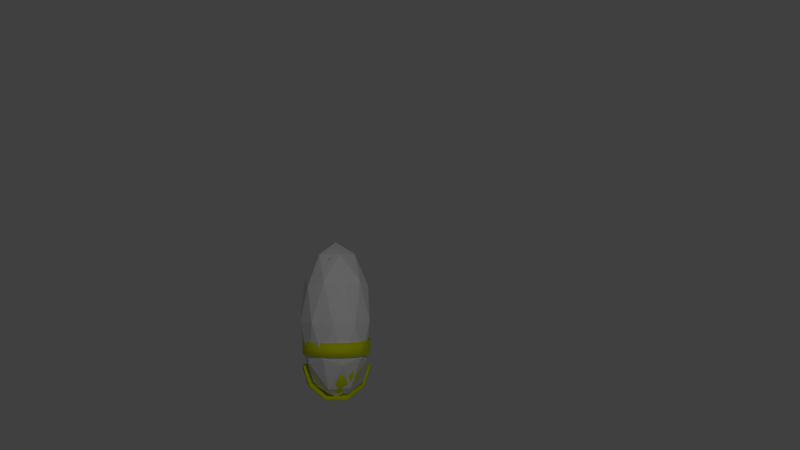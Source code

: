 # Source: Tower.blend  (saved by Blender 2.78.0; exported with 4.5.12 LTS)
import bpy
from mathutils import Matrix  # noqa: F401  (used for matrix-valued properties, if any)

bpy.ops.wm.read_factory_settings(use_empty=True)
scene = bpy.context.scene
scene.name = 'Scene'

# ---- collections
col_collection_1 = bpy.data.collections.new('Collection 1'); scene.collection.children.link(col_collection_1)

# ---- materials (node trees are filled in below, after node groups)
mat_mat_dome = bpy.data.materials.new('Mat_Dome')
mat_mat_dome.alpha_threshold = 0.0
mat_mat_dome.use_transparent_shadow = False
mat_mat_dome.diffuse_color = (0.7314, 0.8, 0.001538, 1.0)
mat_mat_dome.roughness = 0.5
mat_mat_ring = bpy.data.materials.new('Mat_Ring')
mat_mat_ring.alpha_threshold = 0.0
mat_mat_ring.use_transparent_shadow = False
mat_mat_ring.diffuse_color = (0.1799, 0.1799, 0.1799, 1.0)
mat_mat_ring.roughness = 0.5
mat_mat_pillar = bpy.data.materials.new('Mat_Pillar')
mat_mat_pillar.alpha_threshold = 0.0
mat_mat_pillar.use_transparent_shadow = False
mat_mat_pillar.diffuse_color = (0.002134, 0.8, 0.0039, 1.0)
mat_mat_pillar.roughness = 0.5

# ---- material node trees

# ---- world
world_world = bpy.data.worlds.new('World'); scene.world = world_world
world_world.color = (0.05088, 0.05088, 0.05088)
world_world.use_sun_shadow = False
world_world.sun_shadow_jitter_overblur = 0.0
world_world.cycles.sampling_method = 'MANUAL'

# ---- cameras
cam_camera = bpy.data.cameras.new('Camera')
cam_camera.clip_end = 100.0
cam_camera.lens = 35.0
cam_camera.sensor_width = 32.0
cam_camera.sensor_height = 18.0
cam_camera.ortho_scale = 7.314
cam_camera.dof.focus_distance = 0.0
cam_camera.dof.aperture_fstop = 128.0

# ---- lights
light_lamp = bpy.data.lights.new('Lamp', 'POINT')
light_lamp.transmission_factor = 0.0
light_lamp.cutoff_distance = 30.0
light_lamp.energy = 100.0
light_lamp.shadow_buffer_clip_start = 1.001
light_lamp.shadow_soft_size = 0.1
light_lamp.shadow_maximum_resolution = 0.006
light_lamp.use_absolute_resolution = True

# ---- meshes
me_icosphere = bpy.data.meshes.new('Icosphere')
me_icosphere.from_pydata([(0.0, 0.0, -1.0), (0.7236, -0.5257, -0.4472), (-0.2764, -0.8506, -0.4472), (-0.8944, 0.0, -0.4472), (-0.2764, 0.8506, -0.4472), (0.7236, 0.5257, -0.4472), (0.2764, -0.8506, 0.4472), (-0.7236, -0.5257, 0.4472), (-0.7236, 0.5257, 0.4472), (0.2764, 0.8506, 0.4472), (0.8944, 0.0, 0.4472), (0.0, 0.0, 1.0), (-0.1625, -0.5, -0.8507), (0.4253, -0.309, -0.8507), (0.2629, -0.809, -0.5257), (0.8506, 0.0, -0.5257), (0.4253, 0.309, -0.8507), (-0.5257, 0.0, -0.8507), (-0.6882, -0.5, -0.5257), (-0.1625, 0.5, -0.8507), (-0.6882, 0.5, -0.5257), (0.2629, 0.809, -0.5257), (0.9511, -0.309, 0.0), (0.9511, 0.309, 0.0), (0.0, -1.0, 0.0), (0.5878, -0.809, 0.0), (-0.9511, -0.309, 0.0), (-0.5878, -0.809, 0.0), (-0.5878, 0.809, 0.0), (-0.9511, 0.309, 0.0), (0.5878, 0.809, 0.0), (0.0, 1.0, 0.0), (0.6882, -0.5, 0.5257), (-0.2629, -0.809, 0.5257), (-0.8506, 0.0, 0.5257), (-0.2629, 0.809, 0.5257), (0.6882, 0.5, 0.5257), (0.1625, -0.5, 0.8507), (0.5257, 0.0, 0.8507), (-0.4253, -0.309, 0.8507), (-0.4253, 0.309, 0.8507), (0.1625, 0.5, 0.8507)], [], [(0, 13, 12), (1, 13, 15), (0, 12, 17), (0, 17, 19), (0, 19, 16), (1, 15, 22), (2, 14, 24), (3, 18, 26), (4, 20, 28), (5, 21, 30), (1, 22, 25), (2, 24, 27), (3, 26, 29), (4, 28, 31), (5, 30, 23), (6, 32, 37), (7, 33, 39), (8, 34, 40), (9, 35, 41), (10, 36, 38), (38, 41, 11), (38, 36, 41), (36, 9, 41), (41, 40, 11), (41, 35, 40), (35, 8, 40), (40, 39, 11), (40, 34, 39), (34, 7, 39), (39, 37, 11), (39, 33, 37), (33, 6, 37), (37, 38, 11), (37, 32, 38), (32, 10, 38), (23, 36, 10), (23, 30, 36), (30, 9, 36), (31, 35, 9), (31, 28, 35), (28, 8, 35), (29, 34, 8), (29, 26, 34), (26, 7, 34), (27, 33, 7), (27, 24, 33), (24, 6, 33), (25, 32, 6), (25, 22, 32), (22, 10, 32), (30, 31, 9), (30, 21, 31), (21, 4, 31), (28, 29, 8), (28, 20, 29), (20, 3, 29), (26, 27, 7), (26, 18, 27), (18, 2, 27), (24, 25, 6), (24, 14, 25), (14, 1, 25), (22, 23, 10), (22, 15, 23), (15, 5, 23), (16, 21, 5), (16, 19, 21), (19, 4, 21), (19, 20, 4), (19, 17, 20), (17, 3, 20), (17, 18, 3), (17, 12, 18), (12, 2, 18), (15, 16, 5), (15, 13, 16), (13, 0, 16), (12, 14, 2), (12, 13, 14), (13, 1, 14)])
me_icosphere.use_remesh_preserve_volume = False
me_icosphere.use_remesh_preserve_attributes = False
me_icosphere.use_mirror_vertex_groups = False
me_icosphere.update()
me_cube_001 = bpy.data.meshes.new('Cube.001')
me_cube_001.from_pydata([(0.5453, -11.27, -0.4231), (0.603, -11.27, -0.2453), (0.5453, -11.7, -0.2453), (0.603, -11.27, 2.955), (0.5453, -11.27, 3.132), (0.5453, -11.7, 2.955), (-0.4947, -11.27, -0.4231), (-0.4947, -11.7, -0.2453), (-0.5525, -11.27, -0.2453), (-0.4947, -11.27, 3.132), (-0.5525, -11.27, 2.955), (-0.4947, -11.7, 2.955), (0.5453, -3.465, -0.4231), (0.5453, -3.032, -0.2453), (0.603, -3.465, -0.2453), (0.5453, -3.465, 3.132), (0.603, -3.465, 2.955), (0.5453, -3.032, 2.955), (-0.4947, -3.465, -0.4231), (-0.5525, -3.465, -0.2453), (-0.4947, -3.032, -0.2453), (-0.4947, -3.465, 3.132), (-0.4947, -3.032, 2.955), (-0.5525, -3.465, 2.955), (1.701, -2.599, -0.4231), (1.759, -2.599, -0.2453), (1.701, -3.032, -0.2453), (1.759, -2.599, 2.955), (1.701, -2.599, 3.132), (1.701, -3.032, 2.955), (0.6608, -2.599, -0.4231), (0.6608, -3.032, -0.2453), (0.603, -2.599, -0.2453), (0.6608, -2.599, 3.132), (0.603, -2.599, 2.955), (0.6608, -3.032, 2.955), (1.701, 5.201, -0.4231), (1.701, 5.635, -0.2453), (1.759, 5.201, -0.2453), (1.701, 5.201, 3.132), (1.759, 5.201, 2.955), (1.701, 5.635, 2.955), (0.6608, 5.201, -0.4231), (0.603, 5.201, -0.2453), (0.6608, 5.635, -0.2453), (0.6608, 5.201, 3.132), (0.6608, 5.635, 2.955), (0.603, 5.201, 2.955), (-0.6103, -2.599, -0.4231), (-0.5525, -2.599, -0.2453), (-0.6103, -3.032, -0.2453), (-0.5525, -2.599, 2.955), (-0.6103, -2.599, 3.132), (-0.6103, -3.032, 2.955), (-1.65, -2.599, -0.4231), (-1.65, -3.032, -0.2453), (-1.708, -2.599, -0.2453), (-1.65, -2.599, 3.132), (-1.708, -2.599, 2.955), (-1.65, -3.032, 2.955), (-0.6103, 5.201, -0.4231), (-0.6103, 5.635, -0.2453), (-0.5525, 5.201, -0.2453), (-0.6103, 5.201, 3.132), (-0.5525, 5.201, 2.955), (-0.6103, 5.635, 2.955), (-1.65, 5.201, -0.4231), (-1.708, 5.201, -0.2453), (-1.65, 5.635, -0.2453), (-1.65, 5.201, 3.132), (-1.65, 5.635, 2.955), (-1.708, 5.201, 2.955), (0.5453, 6.068, -0.4231), (0.603, 6.068, -0.2453), (0.5453, 5.635, -0.2453), (0.603, 6.068, 2.955), (0.5453, 6.068, 3.132), (0.5453, 5.635, 2.955), (-0.4947, 6.068, -0.4231), (-0.4947, 5.635, -0.2453), (-0.5525, 6.068, -0.2453), (-0.4947, 6.068, 3.132), (-0.5525, 6.068, 2.955), (-0.4947, 5.635, 2.955), (0.5453, 13.87, -0.4231), (0.5453, 14.3, -0.2453), (0.603, 13.87, -0.2453), (0.5453, 13.87, 3.132), (0.603, 13.87, 2.955), (0.5453, 14.3, 2.955), (-0.4947, 13.87, -0.4231), (-0.5525, 13.87, -0.2453), (-0.4947, 14.3, -0.2453), (-0.4947, 13.87, 3.132), (-0.4947, 14.3, 2.955), (-0.5525, 13.87, 2.955), (0.5453, -2.599, -0.4231), (0.603, -2.599, -0.2453), (0.5453, -3.032, -0.2453), (0.603, -2.599, 2.955), (0.5453, -2.599, 3.132), (0.5453, -3.032, 2.955), (-0.4947, -2.599, -0.4231), (-0.4947, -3.032, -0.2453), (-0.5525, -2.599, -0.2453), (-0.4947, -2.599, 3.132), (-0.5525, -2.599, 2.955), (-0.4947, -3.032, 2.955), (0.5453, 5.201, -0.4231), (0.5453, 5.635, -0.2453), (0.603, 5.201, -0.2453), (0.5453, 5.201, 3.132), (0.603, 5.201, 2.955), (0.5453, 5.635, 2.955), (-0.4947, 5.201, -0.4231), (-0.5525, 5.201, -0.2453), (-0.4947, 5.635, -0.2453), (-0.4947, 5.201, 3.132), (-0.4947, 5.635, 2.955), (-0.5525, 5.201, 2.955), (0.5453, -11.27, 3.137), (0.603, -11.27, 3.315), (0.5453, -11.7, 3.315), (0.603, -11.27, 6.515), (0.5453, -11.27, 6.693), (0.5453, -11.7, 6.515), (-0.4947, -11.27, 3.137), (-0.4947, -11.7, 3.315), (-0.5525, -11.27, 3.315), (-0.4947, -11.27, 6.693), (-0.5525, -11.27, 6.515), (-0.4947, -11.7, 6.515), (0.5453, -3.465, 3.137), (0.5453, -3.032, 3.315), (0.603, -3.465, 3.315), (0.5453, -3.465, 6.693), (0.603, -3.465, 6.515), (0.5453, -3.032, 6.515), (-0.4947, -3.465, 3.137), (-0.5525, -3.465, 3.315), (-0.4947, -3.032, 3.315), (-0.4947, -3.465, 6.693), (-0.4947, -3.032, 6.515), (-0.5525, -3.465, 6.515), (1.701, -2.599, 3.137), (1.759, -2.599, 3.315), (1.701, -3.032, 3.315), (1.759, -2.599, 6.515), (1.701, -2.599, 6.693), (1.701, -3.032, 6.515), (0.6608, -2.599, 3.137), (0.6608, -3.032, 3.315), (0.603, -2.599, 3.315), (0.6608, -2.599, 6.693), (0.603, -2.599, 6.515), (0.6608, -3.032, 6.515), (1.701, 5.201, 3.137), (1.701, 5.635, 3.315), (1.759, 5.201, 3.315), (1.701, 5.201, 6.693), (1.759, 5.201, 6.515), (1.701, 5.635, 6.515), (0.6608, 5.201, 3.137), (0.603, 5.201, 3.315), (0.6608, 5.635, 3.315), (0.6608, 5.201, 6.693), (0.6608, 5.635, 6.515), (0.603, 5.201, 6.515), (-0.6103, -2.599, 3.137), (-0.5525, -2.599, 3.315), (-0.6103, -3.032, 3.315), (-0.5525, -2.599, 6.515), (-0.6103, -2.599, 6.693), (-0.6103, -3.032, 6.515), (-1.65, -2.599, 3.137), (-1.65, -3.032, 3.315), (-1.708, -2.599, 3.315), (-1.65, -2.599, 6.693), (-1.708, -2.599, 6.515), (-1.65, -3.032, 6.515), (-0.6103, 5.201, 3.137), (-0.6103, 5.635, 3.315), (-0.5525, 5.201, 3.315), (-0.6103, 5.201, 6.693), (-0.5525, 5.201, 6.515), (-0.6103, 5.635, 6.515), (-1.65, 5.201, 3.137), (-1.708, 5.201, 3.315), (-1.65, 5.635, 3.315), (-1.65, 5.201, 6.693), (-1.65, 5.635, 6.515), (-1.708, 5.201, 6.515), (0.5453, 6.068, 3.137), (0.603, 6.068, 3.315), (0.5453, 5.635, 3.315), (0.603, 6.068, 6.515), (0.5453, 6.068, 6.693), (0.5453, 5.635, 6.515), (-0.4947, 6.068, 3.137), (-0.4947, 5.635, 3.315), (-0.5525, 6.068, 3.315), (-0.4947, 6.068, 6.693), (-0.5525, 6.068, 6.515), (-0.4947, 5.635, 6.515), (0.5453, 13.87, 3.137), (0.5453, 14.3, 3.315), (0.603, 13.87, 3.315), (0.5453, 13.87, 6.693), (0.603, 13.87, 6.515), (0.5453, 14.3, 6.515), (-0.4947, 13.87, 3.137), (-0.5525, 13.87, 3.315), (-0.4947, 14.3, 3.315), (-0.4947, 13.87, 6.693), (-0.4947, 14.3, 6.515), (-0.5525, 13.87, 6.515), (0.5453, -2.599, 3.137), (0.603, -2.599, 3.315), (0.5453, -3.032, 3.315), (0.603, -2.599, 6.515), (0.5453, -2.599, 6.693), (0.5453, -3.032, 6.515), (-0.4947, -2.599, 3.137), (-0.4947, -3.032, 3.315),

DIRECTIONS:
Reproduce, exactly as they stand in the data above, the lines from the one that holds "mat_mat_dome.alpha_threshold = 0.0" to the one that holds "# ---- world", inclusive.

SOLUTION TO THIS EXERCISE:
mat_mat_dome.alpha_threshold = 0.0
mat_mat_dome.use_transparent_shadow = False
mat_mat_dome.diffuse_color = (0.7314, 0.8, 0.001538, 1.0)
mat_mat_dome.roughness = 0.5
mat_mat_ring = bpy.data.materials.new('Mat_Ring')
mat_mat_ring.alpha_threshold = 0.0
mat_mat_ring.use_transparent_shadow = False
mat_mat_ring.diffuse_color = (0.1799, 0.1799, 0.1799, 1.0)
mat_mat_ring.roughness = 0.5
mat_mat_pillar = bpy.data.materials.new('Mat_Pillar')
mat_mat_pillar.alpha_threshold = 0.0
mat_mat_pillar.use_transparent_shadow = False
mat_mat_pillar.diffuse_color = (0.002134, 0.8, 0.0039, 1.0)
mat_mat_pillar.roughness = 0.5

# ---- material node trees

# ---- world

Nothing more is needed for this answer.